Without further ado, here is Olsen in conversation with Gigwise:
Gigwise: Hi Lindsay, hope the tour is going well. Are you into the swing of your set? Was it a bit nerve wracking at first?
Lindsay Olsen: Definitely I was scared shitless. Back home I pay with a band so it’s super interesting stripping it down to a solo set. At first I was worried it was too narrow and intimate for the shows. I think it’s been going pretty well.
GW: You live up in the Bay Area, is there a good scene there?
LO: Yeah, I feel like I got extremely lucky up in the Bay Area and just sort of, over the years, found my favourite musicians to play with. And I feel really connected and they understand the weird vision. I feel like that’s something so special that I can’t even consider moving. We have three different bands together just because it’s so fun to play music with them.
GW: What bands?
LO: One called Science Band, it’s an eight-piece experimental jazz band where we have a panel of scientists each time we play that talk about current science facts while we play weird music behind it. And that is really fun. I also play in this band with a friend, and I have a band for my own solo music. Re-imagining it with the band is such a beautiful and fun experience.
GW: You currently play solo - would you like to bring the band on tour at some point?
LO: Definitely. I think, once the budget is there, I would love to start touring with the band. It’s all the same songs, but people bring it to life in a whole new way.
GW: I feel there’s more life in Zdenka 2080 than the previous album [Zlaty Sauce Nephew]. The previous album is more lo-fi, you hear the drum machine more, it’s more obviously bedroom built. This album is more orchestral, in a way.

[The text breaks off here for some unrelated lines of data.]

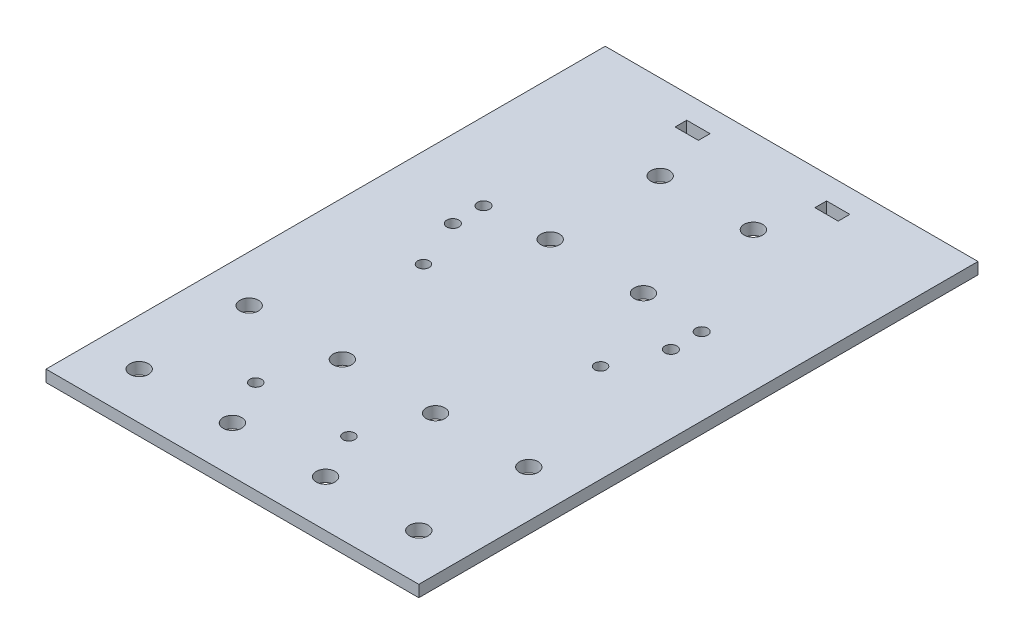
ISO-10303-21;
HEADER;
FILE_DESCRIPTION(('STEP AP214'),'2;1');
FILE_NAME('part.step','',(''),(''),'','','');
FILE_SCHEMA(('AUTOMOTIVE_DESIGN { 1 0 10303 214 1 1 1 1 }'));
ENDSEC;
DATA;
#1=APPLICATION_CONTEXT('core data for automotive mechanical design processes');
#2=APPLICATION_PROTOCOL_DEFINITION('international standard','automotive_design',2000,#1);
#3=PRODUCT_CONTEXT('',#1,'mechanical');
#4=PRODUCT('Part','Part','',(#3));
#5=PRODUCT_RELATED_PRODUCT_CATEGORY('part','',(#4));
#6=PRODUCT_DEFINITION_FORMATION('','',#4);
#7=PRODUCT_DEFINITION_CONTEXT('part definition',#1,'design');
#8=PRODUCT_DEFINITION('design','',#6,#7);
#9=PRODUCT_DEFINITION_SHAPE('','',#8);
#10=(LENGTH_UNIT() NAMED_UNIT(*) SI_UNIT(.MILLI.,.METRE.));
#11=(NAMED_UNIT(*) PLANE_ANGLE_UNIT() SI_UNIT($,.RADIAN.));
#12=(NAMED_UNIT(*) SI_UNIT($,.STERADIAN.) SOLID_ANGLE_UNIT());
#13=UNCERTAINTY_MEASURE_WITH_UNIT(LENGTH_MEASURE(1.E-05),#10,'distance_accuracy_value','');
#14=(GEOMETRIC_REPRESENTATION_CONTEXT(3) GLOBAL_UNCERTAINTY_ASSIGNED_CONTEXT((#13)) GLOBAL_UNIT_ASSIGNED_CONTEXT((#10,
#11,#12)) REPRESENTATION_CONTEXT('',''));
#15=CARTESIAN_POINT('',(0.,0.,0.));
#16=DIRECTION('',(0.,0.,1.));
#17=DIRECTION('',(1.,0.,0.));
#18=AXIS2_PLACEMENT_3D('',#15,#16,#17);
#19=CARTESIAN_POINT('',(50.8,3.175,76.2));
#20=DIRECTION('',(-1.,0.,0.));
#21=DIRECTION('',(0.,0.,1.));
#22=AXIS2_PLACEMENT_3D('',#19,#20,#21);
#23=PLANE('',#22);
#24=DIRECTION('',(0.,0.,-1.));
#25=VECTOR('',#24,1.);
#26=CARTESIAN_POINT('',(50.8,0.,76.2));
#27=LINE('',#26,#25);
#28=CARTESIAN_POINT('',(50.8,0.,76.2));
#29=VERTEX_POINT('',#28);
#30=CARTESIAN_POINT('',(50.8,0.,-76.2));
#31=VERTEX_POINT('',#30);
#32=EDGE_CURVE('E312',#29,#31,#27,.T.);
#33=ORIENTED_EDGE('',*,*,#32,.T.);
#34=DIRECTION('',(0.,-1.,0.));
#35=VECTOR('',#34,1.);
#36=CARTESIAN_POINT('',(50.8,3.175,-76.2));
#37=LINE('',#36,#35);
#38=CARTESIAN_POINT('',(50.8,3.175,-76.2));
#39=VERTEX_POINT('',#38);
#40=EDGE_CURVE('E11',#39,#31,#37,.T.);
#41=ORIENTED_EDGE('',*,*,#40,.F.);
#42=DIRECTION('',(0.,0.,-1.));
#43=VECTOR('',#42,1.);
#44=CARTESIAN_POINT('',(50.8,3.175,76.2));
#45=LINE('',#44,#43);
#46=CARTESIAN_POINT('',(50.8,3.175,76.2));
#47=VERTEX_POINT('',#46);
#48=EDGE_CURVE('E315',#47,#39,#45,.T.);
#49=ORIENTED_EDGE('',*,*,#48,.F.);
#50=DIRECTION('',(0.,-1.,0.));
#51=VECTOR('',#50,1.);
#52=CARTESIAN_POINT('',(50.8,3.175,76.2));
#53=LINE('',#52,#51);
#54=EDGE_CURVE('E325',#47,#29,#53,.T.);
#55=ORIENTED_EDGE('',*,*,#54,.T.);
#56=EDGE_LOOP('',(#33,#41,#49,#55));
#57=FACE_BOUND('',#56,.T.);
#58=ADVANCED_FACE('F37',(#57),#23,.F.);
#59=CARTESIAN_POINT('',(-50.8,3.175,-76.2));
#60=DIRECTION('',(0.,0.,1.));
#61=DIRECTION('',(1.,0.,0.));
#62=AXIS2_PLACEMENT_3D('',#59,#60,#61);
#63=PLANE('',#62);
#64=DIRECTION('',(-1.,0.,0.));
#65=VECTOR('',#64,1.);
#66=CARTESIAN_POINT('',(-50.8,0.,-76.2));
#67=LINE('',#66,#65);
#68=CARTESIAN_POINT('',(-50.8,0.,-76.2));
#69=VERTEX_POINT('',#68);
#70=EDGE_CURVE('E328',#31,#69,#67,.T.);
#71=ORIENTED_EDGE('',*,*,#70,.T.);
#72=DIRECTION('',(0.,-1.,0.));
#73=VECTOR('',#72,1.);
#74=CARTESIAN_POINT('',(-50.8,3.175,-76.2));
#75=LINE('',#74,#73);
#76=CARTESIAN_POINT('',(-50.8,3.175,-76.2));
#77=VERTEX_POINT('',#76);
#78=EDGE_CURVE('E44',#77,#69,#75,.T.);
#79=ORIENTED_EDGE('',*,*,#78,.F.);
#80=DIRECTION('',(-1.,0.,0.));
#81=VECTOR('',#80,1.);
#82=CARTESIAN_POINT('',(-50.8,3.175,-76.2));
#83=LINE('',#82,#81);
#84=EDGE_CURVE('E318',#39,#77,#83,.T.);
#85=ORIENTED_EDGE('',*,*,#84,.F.);
#86=ORIENTED_EDGE('',*,*,#40,.T.);
#87=EDGE_LOOP('',(#71,#79,#85,#86));
#88=FACE_BOUND('',#87,.T.);
#89=ADVANCED_FACE('F357',(#88),#63,.F.);
#90=CARTESIAN_POINT('',(-50.8,3.175,76.2));
#91=DIRECTION('',(1.,0.,0.));
#92=DIRECTION('',(0.,0.,-1.));
#93=AXIS2_PLACEMENT_3D('',#90,#91,#92);
#94=PLANE('',#93);
#95=DIRECTION('',(0.,0.,1.));
#96=VECTOR('',#95,1.);
#97=CARTESIAN_POINT('',(-50.8,0.,76.2));
#98=LINE('',#97,#96);
#99=CARTESIAN_POINT('',(-50.8,0.,76.2));
#100=VERTEX_POINT('',#99);
#101=EDGE_CURVE('E330',#69,#100,#98,.T.);
#102=ORIENTED_EDGE('',*,*,#101,.T.);
#103=DIRECTION('',(0.,-1.,0.));
#104=VECTOR('',#103,1.);
#105=CARTESIAN_POINT('',(-50.8,3.175,76.2));
#106=LINE('',#105,#104);
#107=CARTESIAN_POINT('',(-50.8,3.175,76.2));
#108=VERTEX_POINT('',#107);
#109=EDGE_CURVE('E335',#108,#100,#106,.T.);
#110=ORIENTED_EDGE('',*,*,#109,.F.);
#111=DIRECTION('',(0.,0.,1.));
#112=VECTOR('',#111,1.);
#113=CARTESIAN_POINT('',(-50.8,3.175,76.2));
#114=LINE('',#113,#112);
#115=EDGE_CURVE('E321',#77,#108,#114,.T.);
#116=ORIENTED_EDGE('',*,*,#115,.F.);
#117=ORIENTED_EDGE('',*,*,#78,.T.);
#118=EDGE_LOOP('',(#102,#110,#116,#117));
#119=FACE_BOUND('',#118,.T.);
#120=ADVANCED_FACE('F342',(#119),#94,.F.);
#121=CARTESIAN_POINT('',(-50.8,3.175,76.2));
#122=DIRECTION('',(0.,0.,-1.));
#123=DIRECTION('',(-1.,0.,0.));
#124=AXIS2_PLACEMENT_3D('',#121,#122,#123);
#125=PLANE('',#124);
#126=DIRECTION('',(1.,0.,0.));
#127=VECTOR('',#126,1.);
#128=CARTESIAN_POINT('',(-50.8,0.,76.2));
#129=LINE('',#128,#127);
#130=EDGE_CURVE('E319',#100,#29,#129,.T.);
#131=ORIENTED_EDGE('',*,*,#130,.T.);
#132=ORIENTED_EDGE('',*,*,#54,.F.);
#133=DIRECTION('',(1.,0.,0.));
#134=VECTOR('',#133,1.);
#135=CARTESIAN_POINT('',(-50.8,3.175,76.2));
#136=LINE('',#135,#134);
#137=EDGE_CURVE('E323',#108,#47,#136,.T.);
#138=ORIENTED_EDGE('',*,*,#137,.F.);
#139=ORIENTED_EDGE('',*,*,#109,.T.);
#140=EDGE_LOOP('',(#131,#132,#138,#139));
#141=FACE_BOUND('',#140,.T.);
#142=ADVANCED_FACE('F350',(#141),#125,.F.);
#143=CARTESIAN_POINT('',(0.,3.175,0.));
#144=DIRECTION('',(0.,-1.,0.));
#145=DIRECTION('',(0.,0.,-1.));
#146=AXIS2_PLACEMENT_3D('',#143,#144,#145);
#147=PLANE('',#146);
#148=DIRECTION('',(1.,0.,0.));
#149=VECTOR('',#148,1.);
#150=CARTESIAN_POINT('',(-22.225,3.175,-66.675));
#151=LINE('',#150,#149);
#152=CARTESIAN_POINT('',(-22.225,3.175,-66.675));
#153=VERTEX_POINT('',#152);
#154=CARTESIAN_POINT('',(-15.875,3.175,-66.675));
#155=VERTEX_POINT('',#154);
#156=EDGE_CURVE('E155',#153,#155,#151,.T.);
#157=ORIENTED_EDGE('',*,*,#156,.F.);
#158=DIRECTION('',(0.,0.,1.));
#159=VECTOR('',#158,1.);
#160=CARTESIAN_POINT('',(-22.225,3.175,-69.85));
#161=LINE('',#160,#159);
#162=CARTESIAN_POINT('',(-22.225,3.175,-69.85));
#163=VERTEX_POINT('',#162);
#164=EDGE_CURVE('E51',#163,#153,#161,.T.);
#165=ORIENTED_EDGE('',*,*,#164,.F.);
#166=DIRECTION('',(-1.,0.,0.));
#167=VECTOR('',#166,1.);
#168=CARTESIAN_POINT('',(-22.225,3.175,-69.85));
#169=LINE('',#168,#167);
#170=CARTESIAN_POINT('',(-15.875,3.175,-69.85));
#171=VERTEX_POINT('',#170);
#172=EDGE_CURVE('E146',#171,#163,#169,.T.);
#173=ORIENTED_EDGE('',*,*,#172,.F.);
#174=DIRECTION('',(0.,0.,-1.));
#175=VECTOR('',#174,1.);
#176=CARTESIAN_POINT('',(-15.875,3.175,-69.85));
#177=LINE('',#176,#175);
#178=EDGE_CURVE('E149',#155,#171,#177,.T.);
#179=ORIENTED_EDGE('',*,*,#178,.F.);
#180=EDGE_LOOP('',(#157,#165,#173,#179));
#181=FACE_BOUND('',#180,.T.);
#182=DIRECTION('',(-1.,0.,0.));
#183=VECTOR('',#182,1.);
#184=CARTESIAN_POINT('',(22.225,3.175,-69.85));
#185=LINE('',#184,#183);
#186=CARTESIAN_POINT('',(22.225,3.175,-69.85));
#187=VERTEX_POINT('',#186);
#188=CARTESIAN_POINT('',(15.875,3.175,-69.85));
#189=VERTEX_POINT('',#188);
#190=EDGE_CURVE('E181',#187,#189,#185,.T.);
#191=ORIENTED_EDGE('',*,*,#190,.F.);
#192=DIRECTION('',(0.,0.,-1.));
#193=VECTOR('',#192,1.);
#194=CARTESIAN_POINT('',(22.225,3.175,-69.85));
#195=LINE('',#194,#193);
#196=CARTESIAN_POINT('',(22.225,3.175,-66.675));
#197=VERTEX_POINT('',#196);
#198=EDGE_CURVE('E59',#197,#187,#195,.T.);
#199=ORIENTED_EDGE('',*,*,#198,.F.);
#200=DIRECTION('',(1.,0.,0.));
#201=VECTOR('',#200,1.);
#202=CARTESIAN_POINT('',(22.225,3.175,-66.675));
#203=LINE('',#202,#201);
#204=CARTESIAN_POINT('',(15.875,3.175,-66.675));
#205=VERTEX_POINT('',#204);
#206=EDGE_CURVE('E170',#205,#197,#203,.T.);
#207=ORIENTED_EDGE('',*,*,#206,.F.);
#208=DIRECTION('',(0.,0.,1.));
#209=VECTOR('',#208,1.);
#210=CARTESIAN_POINT('',(15.875,3.175,-69.85));
#211=LINE('',#210,#209);
#212=EDGE_CURVE('E184',#189,#205,#211,.T.);
#213=ORIENTED_EDGE('',*,*,#212,.F.);
#214=EDGE_LOOP('',(#191,#199,#207,#213));
#215=FACE_BOUND('',#214,.T.);
#216=CARTESIAN_POINT('',(-24.13,3.175,0.));
#217=DIRECTION('',(0.,1.,0.));
#218=DIRECTION('',(0.,0.,1.));
#219=AXIS2_PLACEMENT_3D('',#216,#217,#218);
#220=CIRCLE('',#219,1.5875);
#221=CARTESIAN_POINT('',(-24.13,3.175,1.5875));
#222=VERTEX_POINT('',#221);
#223=EDGE_CURVE('E199',#222,#222,#220,.T.);
#224=ORIENTED_EDGE('',*,*,#223,.F.);
#225=EDGE_LOOP('',(#224));
#226=FACE_BOUND('',#225,.T.);
#227=CARTESIAN_POINT('',(6.35000000000002,3.175,50.8));
#228=DIRECTION('',(0.,1.,0.));
#229=DIRECTION('',(0.,0.,1.));
#230=AXIS2_PLACEMENT_3D('',#227,#228,#229);
#231=CIRCLE('',#230,1.5875);
#232=CARTESIAN_POINT('',(6.35000000000002,3.175,52.3875));
#233=VERTEX_POINT('',#232);
#234=EDGE_CURVE('E162',#233,#233,#231,.T.);
#235=ORIENTED_EDGE('',*,*,#234,.F.);
#236=EDGE_LOOP('',(#235));
#237=FACE_BOUND('',#236,.T.);
#238=CARTESIAN_POINT('',(-19.05,3.175,50.8));
#239=DIRECTION('',(0.,1.,0.));
#240=DIRECTION('',(0.,0.,1.));
#241=AXIS2_PLACEMENT_3D('',#238,#239,#240);
#242=CIRCLE('',#241,1.5875);
#243=CARTESIAN_POINT('',(-19.05,3.175,52.3875));
#244=VERTEX_POINT('',#243);
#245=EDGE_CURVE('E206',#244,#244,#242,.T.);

LO: That means a lot. Thanks for saying that. For this project, because it’s a soundtrack to this movie that I wrote, I feel like I took a lot of time and there are a lot of songs that didn’t make the cut. And so it felt a lot more pre-meditated and calculated than in the past when I would make music, where I would just sort of make a vibe and add it to the album. And have everything that I liked on the album but there wasn’t a lot of going through it and really checking to see if it fitted... if it’s a vibe, if it’s a story. This album has a lot more intention to it, which was a really cool experience, and hard for me because I’m a little haphazard. I also think because it’s a soundtrack there’s a lot more instrumental pieces and a lot less drums than my past album. It’s a lot of just like piano, synth music. I wanted to tell a visual story.
N.B. The visual story in brief from the official press release: Zdenka 2080 describes a future dystopian Earth in the year 2080 that has been mis-managed by unethical governments and corporations. An initiative by greedy big business to capture solar energy to power a super-sized spaceship results in a rapidly cooling earth, and the elite escape via the spaceship to colonize another distant planet. The earthlings left behind find themselves fading with the cooling sun.
GW: There’s a lot of spoken word voice samples as narration. Whose voice is it?
LO:It’s me pitched down actually. There is one song with another vocalist. That’s the one that’s called ‘Diatoms and Dinoflagellates / Fifth Dimension’. That’s my friend, his vocals are pitched up.
GW: Is he a scientist?
LO: No but he is in Science Band. I don’t know if that makes you an official scientist?
GW: So on ‘Diatom’ (which is the sixteenth track) where about in this journey are we?
N.B. We ask about the ‘journey’ because the press release states that one earthling affected by the greed of the corporations on the dystopian world goes on an interdimensional journey to save her planet. She accesses the dimensions in an octagonal room with eight portals.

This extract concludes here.